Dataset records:
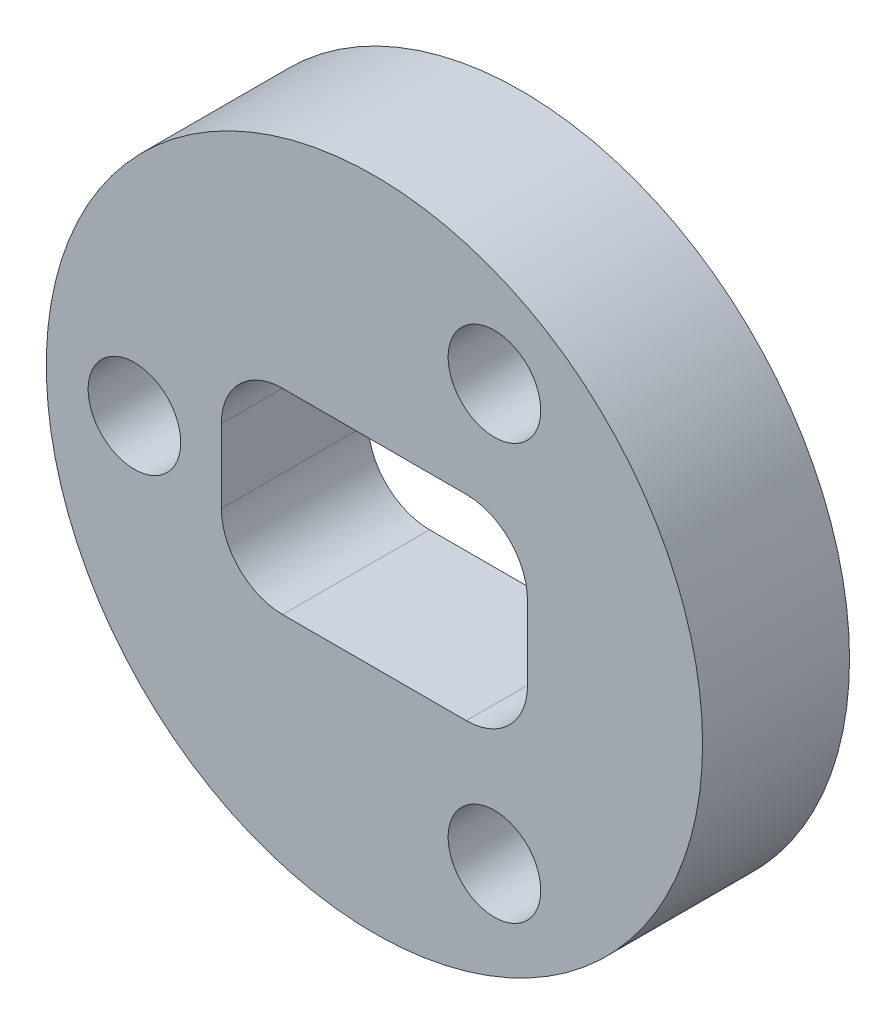
ISO-10303-21;
HEADER;
FILE_DESCRIPTION(('STEP AP214'),'2;1');
FILE_NAME('part.step','',(''),(''),'','','');
FILE_SCHEMA(('AUTOMOTIVE_DESIGN { 1 0 10303 214 1 1 1 1 }'));
ENDSEC;
DATA;
#1=APPLICATION_CONTEXT('core data for automotive mechanical design processes');
#2=APPLICATION_PROTOCOL_DEFINITION('international standard','automotive_design',2000,#1);
#3=PRODUCT_CONTEXT('',#1,'mechanical');
#4=PRODUCT('Part','Part','',(#3));
#5=PRODUCT_RELATED_PRODUCT_CATEGORY('part','',(#4));
#6=PRODUCT_DEFINITION_FORMATION('','',#4);
#7=PRODUCT_DEFINITION_CONTEXT('part definition',#1,'design');
#8=PRODUCT_DEFINITION('design','',#6,#7);
#9=PRODUCT_DEFINITION_SHAPE('','',#8);
#10=(LENGTH_UNIT() NAMED_UNIT(*) SI_UNIT(.MILLI.,.METRE.));
#11=(NAMED_UNIT(*) PLANE_ANGLE_UNIT() SI_UNIT($,.RADIAN.));
#12=(NAMED_UNIT(*) SI_UNIT($,.STERADIAN.) SOLID_ANGLE_UNIT());
#13=UNCERTAINTY_MEASURE_WITH_UNIT(LENGTH_MEASURE(1.E-05),#10,'distance_accuracy_value','');
#14=(GEOMETRIC_REPRESENTATION_CONTEXT(3) GLOBAL_UNCERTAINTY_ASSIGNED_CONTEXT((#13)) GLOBAL_UNIT_ASSIGNED_CONTEXT((#10,
#11,#12)) REPRESENTATION_CONTEXT('',''));
#15=CARTESIAN_POINT('',(0.,0.,0.));
#16=DIRECTION('',(0.,0.,1.));
#17=DIRECTION('',(1.,0.,0.));
#18=AXIS2_PLACEMENT_3D('',#15,#16,#17);
#19=CARTESIAN_POINT('',(0.,0.,3.81));
#20=DIRECTION('',(0.,0.,-1.));
#21=DIRECTION('',(-1.,0.,0.));
#22=AXIS2_PLACEMENT_3D('',#19,#20,#21);
#23=CYLINDRICAL_SURFACE('',#22,8.509);
#24=CARTESIAN_POINT('',(0.,0.,3.81));
#25=DIRECTION('',(0.,0.,1.));
#26=DIRECTION('',(1.,0.,0.));
#27=AXIS2_PLACEMENT_3D('',#24,#25,#26);
#28=CIRCLE('',#27,8.509);
#29=CARTESIAN_POINT('',(8.509,0.,3.81));
#30=VERTEX_POINT('',#29);
#31=EDGE_CURVE('E135',#30,#30,#28,.T.);
#32=ORIENTED_EDGE('',*,*,#31,.F.);
#33=EDGE_LOOP('',(#32));
#34=FACE_BOUND('',#33,.T.);
#35=CARTESIAN_POINT('',(0.,0.,0.));
#36=DIRECTION('',(0.,0.,1.));
#37=DIRECTION('',(1.,0.,0.));
#38=AXIS2_PLACEMENT_3D('',#35,#36,#37);
#39=CIRCLE('',#38,8.509);
#40=CARTESIAN_POINT('',(8.509,0.,0.));
#41=VERTEX_POINT('',#40);
#42=EDGE_CURVE('E138',#41,#41,#39,.T.);
#43=ORIENTED_EDGE('',*,*,#42,.T.);
#44=EDGE_LOOP('',(#43));
#45=FACE_BOUND('',#44,.T.);
#46=ADVANCED_FACE('F32',(#34,#45),#23,.T.);
#47=CARTESIAN_POINT('',(0.,0.,3.81));
#48=DIRECTION('',(0.,0.,1.));
#49=DIRECTION('',(1.,0.,0.));
#50=AXIS2_PLACEMENT_3D('',#47,#48,#49);
#51=PLANE('',#50);
#52=CARTESIAN_POINT('',(-6.223,0.,3.81));
#53=DIRECTION('',(0.,0.,1.));
#54=DIRECTION('',(1.,0.,0.));
#55=AXIS2_PLACEMENT_3D('',#52,#53,#54);
#56=CIRCLE('',#55,1.19999999999999);
#57=CARTESIAN_POINT('',(-5.02300000000001,0.,3.81));
#58=VERTEX_POINT('',#57);
#59=EDGE_CURVE('E200',#58,#58,#56,.T.);
#60=ORIENTED_EDGE('',*,*,#59,.F.);
#61=EDGE_LOOP('',(#60));
#62=FACE_BOUND('',#61,.T.);
#63=CARTESIAN_POINT('',(3.11150000000003,5.38927608775061,3.81));
#64=DIRECTION('',(0.,0.,1.));
#65=DIRECTION('',(1.,0.,0.));
#66=AXIS2_PLACEMENT_3D('',#63,#64,#65);
#67=CIRCLE('',#66,1.19999999999999);
#68=CARTESIAN_POINT('',(4.31150000000002,5.38927608775061,3.81));
#69=VERTEX_POINT('',#68);
#70=EDGE_CURVE('E192',#69,#69,#67,.T.);
#71=ORIENTED_EDGE('',*,*,#70,.F.);
#72=EDGE_LOOP('',(#71));
#73=FACE_BOUND('',#72,.T.);
#74=CARTESIAN_POINT('',(3.11150000000005,-5.38927608775056,3.81));
#75=DIRECTION('',(0.,0.,1.));
#76=DIRECTION('',(1.,0.,0.));
#77=AXIS2_PLACEMENT_3D('',#74,#75,#76);
#78=CIRCLE('',#77,1.19999999999999);
#79=CARTESIAN_POINT('',(4.31150000000004,-5.38927608775056,3.81));
#80=VERTEX_POINT('',#79);
#81=EDGE_CURVE('E184',#80,#80,#78,.T.);
#82=ORIENTED_EDGE('',*,*,#81,.F.);
#83=EDGE_LOOP('',(#82));
#84=FACE_BOUND('',#83,.T.);
#85=DIRECTION('',(0.,-1.,0.));
#86=VECTOR('',#85,1.);
#87=CARTESIAN_POINT('',(-3.96875,2.54,3.81));
#88=LINE('',#87,#86);
#89=CARTESIAN_POINT('',(-3.96875,0.9525,3.81));
#90=VERTEX_POINT('',#89);
#91=CARTESIAN_POINT('',(-3.96875,-0.952500000000001,3.81));
#92=VERTEX_POINT('',#91);
#93=EDGE_CURVE('E131',#90,#92,#88,.T.);
#94=ORIENTED_EDGE('',*,*,#93,.F.);
#95=CARTESIAN_POINT('',(-2.38125,0.9525,3.81));
#96=DIRECTION('',(0.,0.,1.));
#97=DIRECTION('',(1.,0.,0.));
#98=AXIS2_PLACEMENT_3D('',#95,#96,#97);
#99=CIRCLE('',#98,1.5875);
#100=CARTESIAN_POINT('',(-2.38125,2.54,3.81));
#101=VERTEX_POINT('',#100);
#102=EDGE_CURVE('E40',#90,#101,#99,.F.);
#103=ORIENTED_EDGE('',*,*,#102,.T.);
#104=DIRECTION('',(-1.,0.,0.));
#105=VECTOR('',#104,1.);
#106=CARTESIAN_POINT('',(-3.96875,2.54,3.81));
#107=LINE('',#106,#105);
#108=CARTESIAN_POINT('',(2.38125,2.54,3.81));
#109=VERTEX_POINT('',#108);
#110=EDGE_CURVE('E126',#109,#101,#107,.T.);
#111=ORIENTED_EDGE('',*,*,#110,.F.);
#112=CARTESIAN_POINT('',(2.38125,0.9525,3.81));
#113=DIRECTION('',(0.,0.,1.));
#114=DIRECTION('',(1.,0.,0.));
#115=AXIS2_PLACEMENT_3D('',#112,#113,#114);
#116=CIRCLE('',#115,1.5875);
#117=CARTESIAN_POINT('',(3.96875,0.9525,3.81));
#118=VERTEX_POINT('',#117);
#119=EDGE_CURVE('E125',#109,#118,#116,.F.);
#120=ORIENTED_EDGE('',*,*,#119,.T.);
#121=DIRECTION('',(0.,1.,0.));
#122=VECTOR('',#121,1.);
#123=CARTESIAN_POINT('',(3.96875,2.54,3.81));
#124=LINE('',#123,#122);
#125=CARTESIAN_POINT('',(3.96875,-0.952500000000002,3.81));
#126=VERTEX_POINT('',#125);
#127=EDGE_CURVE('E115',#126,#118,#124,.T.);
#128=ORIENTED_EDGE('',*,*,#127,.F.);
#129=CARTESIAN_POINT('',(2.38125,-0.952500000000001,3.81));
#130=DIRECTION('',(0.,0.,1.));
#131=DIRECTION('',(1.,0.,0.));
#132=AXIS2_PLACEMENT_3D('',#129,#130,#131);
#133=CIRCLE('',#132,1.5875);
#134=CARTESIAN_POINT('',(2.38125,-2.54,3.81));
#135=VERTEX_POINT('',#134);
#136=EDGE_CURVE('E98',#126,#135,#133,.F.);
#137=ORIENTED_EDGE('',*,*,#136,.T.);
#138=DIRECTION('',(1.,0.,0.));
#139=VECTOR('',#138,1.);
#140=CARTESIAN_POINT('',(-3.96875,-2.54,3.81));
#141=LINE('',#140,#139);
#142=CARTESIAN_POINT('',(-2.38125,-2.54,3.81));
#143=VERTEX_POINT('',#142);
#144=EDGE_CURVE('E127',#143,#135,#141,.T.);
#145=ORIENTED_EDGE('',*,*,#144,.F.);
#146=CARTESIAN_POINT('',(-2.38125,-0.952500000000001,3.81));
#147=DIRECTION('',(0.,0.,1.));
#148=DIRECTION('',(1.,0.,0.));
#149=AXIS2_PLACEMENT_3D('',#146,#147,#148);
#150=CIRCLE('',#149,1.5875);
#151=EDGE_CURVE('E155',#143,#92,#150,.F.);
#152=ORIENTED_EDGE('',*,*,#151,.T.);
#153=EDGE_LOOP('',(#94,#103,#111,#120,#128,#137,#145,#152));
#154=FACE_BOUND('',#153,.T.);
#155=ORIENTED_EDGE('',*,*,#31,.T.);
#156=EDGE_LOOP('',(#155));
#157=FACE_BOUND('',#156,.T.);
#158=ADVANCED_FACE('F122',(#62,#73,#84,#154,#157),#51,.T.);
#159=CARTESIAN_POINT('',(0.,0.,0.));
#160=DIRECTION('',(0.,0.,1.));
#161=DIRECTION('',(1.,0.,0.));
#162=AXIS2_PLACEMENT_3D('',#159,#160,#161);
#163=PLANE('',#162);
#164=CARTESIAN_POINT('',(-6.223,0.,0.));
#165=DIRECTION('',(0.,0.,1.));
#166=DIRECTION('',(1.,0.,0.));
#167=AXIS2_PLACEMENT_3D('',#164,#165,#166);
#168=CIRCLE('',#167,1.2);
#169=CARTESIAN_POINT('',(-5.023,0.,0.));
#170=VERTEX_POINT('',#169);
#171=EDGE_CURVE('E197',#170,#170,#168,.T.);
#172=ORIENTED_EDGE('',*,*,#171,.T.);
#173=EDGE_LOOP('',(#172));
#174=FACE_BOUND('',#173,.T.);
#175=CARTESIAN_POINT('',(3.11150000000003,5.38927608775061,0.));
#176=DIRECTION('',(0.,0.,1.));
#177=DIRECTION('',(1.,0.,0.));
#178=AXIS2_PLACEMENT_3D('',#175,#176,#177);
#179=CIRCLE('',#178,1.2);
#180=CARTESIAN_POINT('',(4.31150000000003,5.38927608775061,0.));
#181=VERTEX_POINT('',#180);
#182=EDGE_CURVE('E188',#181,#181,#179,.T.);
#183=ORIENTED_EDGE('',*,*,#182,.T.);
#184=EDGE_LOOP('',(#183));
#185=FACE_BOUND('',#184,.T.);
#186=CARTESIAN_POINT('',(3.11150000000005,-5.38927608775056,0.));
#187=DIRECTION('',(0.,0.,1.));
#188=DIRECTION('',(1.,0.,0.));
#189=AXIS2_PLACEMENT_3D('',#186,#187,#188);
#190=CIRCLE('',#189,1.2);
#191=CARTESIAN_POINT('',(4.31150000000005,-5.38927608775056,0.));
#192=VERTEX_POINT('',#191);
#193=EDGE_CURVE('E179',#192,#192,#190,.T.);
#194=ORIENTED_EDGE('',*,*,#193,.T.);
#195=EDGE_LOOP('',(#194));
#196=FACE_BOUND('',#195,.T.);
#197=DIRECTION('',(0.,1.,0.));
#198=VECTOR('',#197,1.);
#199=CARTESIAN_POINT('',(3.96875,2.54,0.));
#200=LINE('',#199,#198);
#201=CARTESIAN_POINT('',(3.96875,-0.952500000000002,0.));
#202=VERTEX_POINT('',#201);
#203=CARTESIAN_POINT('',(3.96875,0.9525,0.));
#204=VERTEX_POINT('',#203);
#205=EDGE_CURVE('E117',#202,#204,#200,.T.);
#206=ORIENTED_EDGE('',*,*,#205,.T.);
#207=CARTESIAN_POINT('',(2.38125,0.9525,0.));
#208=DIRECTION('',(0.,0.,1.));
#209=DIRECTION('',(1.,0.,0.));
#210=AXIS2_PLACEMENT_3D('',#207,#208,#209);
#211=CIRCLE('',#210,1.5875);
#212=CARTESIAN_POINT('',(2.38125,2.54,0.));
#213=VERTEX_POINT('',#212);
#214=EDGE_CURVE('E54',#204,#213,#211,.T.);
#215=ORIENTED_EDGE('',*,*,#214,.T.);
#216=DIRECTION('',(-1.,0.,0.));
#217=VECTOR('',#216,1.);
#218=CARTESIAN_POINT('',(-3.96875,2.54,0.));
#219=LINE('',#218,#217);
#220=CARTESIAN_POINT('',(-2.38125,2.54,0.));
#221=VERTEX_POINT('',#220);
#222=EDGE_CURVE('E141',#213,#221,#219,.T.);
#223=ORIENTED_EDGE('',*,*,#222,.T.);
#224=CARTESIAN_POINT('',(-2.38125,0.9525,0.));
#225=DIRECTION('',(0.,0.,1.));
#226=DIRECTION('',(1.,0.,0.));
#227=AXIS2_PLACEMENT_3D('',#224,#225,#226);
#228=CIRCLE('',#227,1.5875);
#229=CARTESIAN_POINT('',(-3.96875,0.9525,0.));
#230=VERTEX_POINT('',#229);
#231=EDGE_CURVE('E11',#221,#230,#228,.T.);
#232=ORIENTED_EDGE('',*,*,#231,.T.);
#233=DIRECTION('',(0.,-1.,0.));
#234=VECTOR('',#233,1.);
#235=CARTESIAN_POINT('',(-3.96875,2.54,0.));
#236=LINE('',#235,#234);
#237=CARTESIAN_POINT('',(-3.96875,-0.952500000000001,0.));
#238=VERTEX_POINT('',#237);
#239=EDGE_CURVE('E129',#230,#238,#236,.T.);
#240=ORIENTED_EDGE('',*,*,#239,.T.);
#241=CARTESIAN_POINT('',(-2.38125,-0.952500000000001,0.));
#242=DIRECTION('',(0.,0.,1.));
#243=DIRECTION('',(1.,0.,0.));
#244=AXIS2_PLACEMENT_3D('',#241,#242,#243);
#245=CIRCLE('',#244,1.5875);
#246=CARTESIAN_POINT('',(-2.38125,-2.54,0.));
#247=VERTEX_POINT('',#246);
#248=EDGE_CURVE('E157',#238,#247,#245,.T.);
#249=ORIENTED_EDGE('',*,*,#248,.T.);
#250=DIRECTION('',(1.,0.,0.));
#251=VECTOR('',#250,1.);
#252=CARTESIAN_POINT('',(-3.96875,-2.54,0.));
#253=LINE('',#252,#251);
#254=CARTESIAN_POINT('',(2.38125,-2.54,0.));
#255=VERTEX_POINT('',#254);
#256=EDGE_CURVE('E174',#247,#255,#253,.T.);
#257=ORIENTED_EDGE('',*,*,#256,.T.);
#258=CARTESIAN_POINT('',(2.38125,-0.952500000000001,0.));
#259=DIRECTION('',(0.,0.,1.));
#260=DIRECTION('',(1.,0.,0.));
#261=AXIS2_PLACEMENT_3D('',#258,#259,#260);
#262=CIRCLE('',#261,1.5875);
#263=EDGE_CURVE('E108',#255,#202,#262,.T.);
#264=ORIENTED_EDGE('',*,*,#263,.T.);
#265=EDGE_LOOP('',(#206,#215,#223,#232,#240,#249,#257,#264));
#266=FACE_BOUND('',#265,.T.);
#267=ORIENTED_EDGE('',*,*,#42,.F.);
#268=EDGE_LOOP('',(#267));
#269=FACE_BOUND('',#268,.T.);
#270=ADVANCED_FACE('F168',(#174,#185,#196,#266,#269),#163,.F.);
#271=CARTESIAN_POINT('',(-3.96875,2.54,0.));
#272=DIRECTION('',(-1.,0.,0.));
#273=DIRECTION('',(0.,-1.,0.));
#274=AXIS2_PLACEMENT_3D('',#271,#272,#273);
#275=PLANE('',#274);
#276=ORIENTED_EDGE('',*,*,#93,.T.);
#277=DIRECTION('',(0.,0.,1.));
#278=VECTOR('',#277,1.);
#279=CARTESIAN_POINT('',(-3.96875,-0.952500000000001,0.));
#280=LINE('',#279,#278);
#281=EDGE_CURVE('E149',#92,#238,#280,.F.);
#282=ORIENTED_EDGE('',*,*,#281,.T.);
#283=ORIENTED_EDGE('',*,*,#239,.F.);
#284=DIRECTION('',(0.,0.,1.));
#285=VECTOR('',#284,1.);
#286=CARTESIAN_POINT('',(-3.96875,0.9525,3.81));
#287=LINE('',#286,#285);
#288=EDGE_CURVE('E146',#230,#90,#287,.T.);
#289=ORIENTED_EDGE('',*,*,#288,.T.);
#290=EDGE_LOOP('',(#276,#282,#283,#289));
#291=FACE_BOUND('',#290,.T.);
#292=ADVANCED_FACE('F172',(#291),#275,.F.);
#293=CARTESIAN_POINT('',(-3.96875,2.54,0.));
#294=DIRECTION('',(0.,1.,0.));
#295=DIRECTION('',(0.,0.,1.));
#296=AXIS2_PLACEMENT_3D('',#293,#294,#295);
#297=PLANE('',#296);
#298=ORIENTED_EDGE('',*,*,#222,.F.);
#299=DIRECTION('',(0.,0.,1.));
#300=VECTOR('',#299,1.);
#301=CARTESIAN_POINT('',(2.38125,2.54,3.81));
#302=LINE('',#301,#300);
#303=EDGE_CURVE('E109',#213,#109,#302,.T.);
#304=ORIENTED_EDGE('',*,*,#303,.T.);
#305=ORIENTED_EDGE('',*,*,#110,.T.);
#306=DIRECTION('',(0.,0.,1.));
#307=VECTOR('',#306,1.);
#308=CARTESIAN_POINT('',(-2.38125,2.54,0.));
#309=LINE('',#308,#307);
#310=EDGE_CURVE('E47',#101,#221,#309,.F.);
#311=ORIENTED_EDGE('',*,*,#310,.T.);
#312=EDGE_LOOP('',(#298,#304,#305,#311));
#313=FACE_BOUND('',#312,.T.);
#314=ADVANCED_FACE('F163',(#313),#297,.F.);
#315=CARTESIAN_POINT('',(3.96875,2.54,0.));
#316=DIRECTION('',(1.,0.,0.));
#317=DIRECTION('',(0.,1.,0.));
#318=AXIS2_PLACEMENT_3D('',#315,#316,#317);
#319=PLANE('',#318);
#320=ORIENTED_EDGE('',*,*,#205,.F.);
#321=DIRECTION('',(0.,0.,1.));
#322=VECTOR('',#321,1.);
#323=CARTESIAN_POINT('',(3.96875,-0.952500000000001,3.81));
#324=LINE('',#323,#322);
#325=EDGE_CURVE('E102',#202,#126,#324,.T.);
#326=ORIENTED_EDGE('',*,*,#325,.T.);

## Task item
Begin at the line containing "#320=ORIENTED_EDGE('',*,*,#205,.F.);" and reproduce every line through the last one in the records above, exactly.

## Reply to the task
#320=ORIENTED_EDGE('',*,*,#205,.F.);
#321=DIRECTION('',(0.,0.,1.));
#322=VECTOR('',#321,1.);
#323=CARTESIAN_POINT('',(3.96875,-0.952500000000001,3.81));
#324=LINE('',#323,#322);
#325=EDGE_CURVE('E102',#202,#126,#324,.T.);
#326=ORIENTED_EDGE('',*,*,#325,.T.);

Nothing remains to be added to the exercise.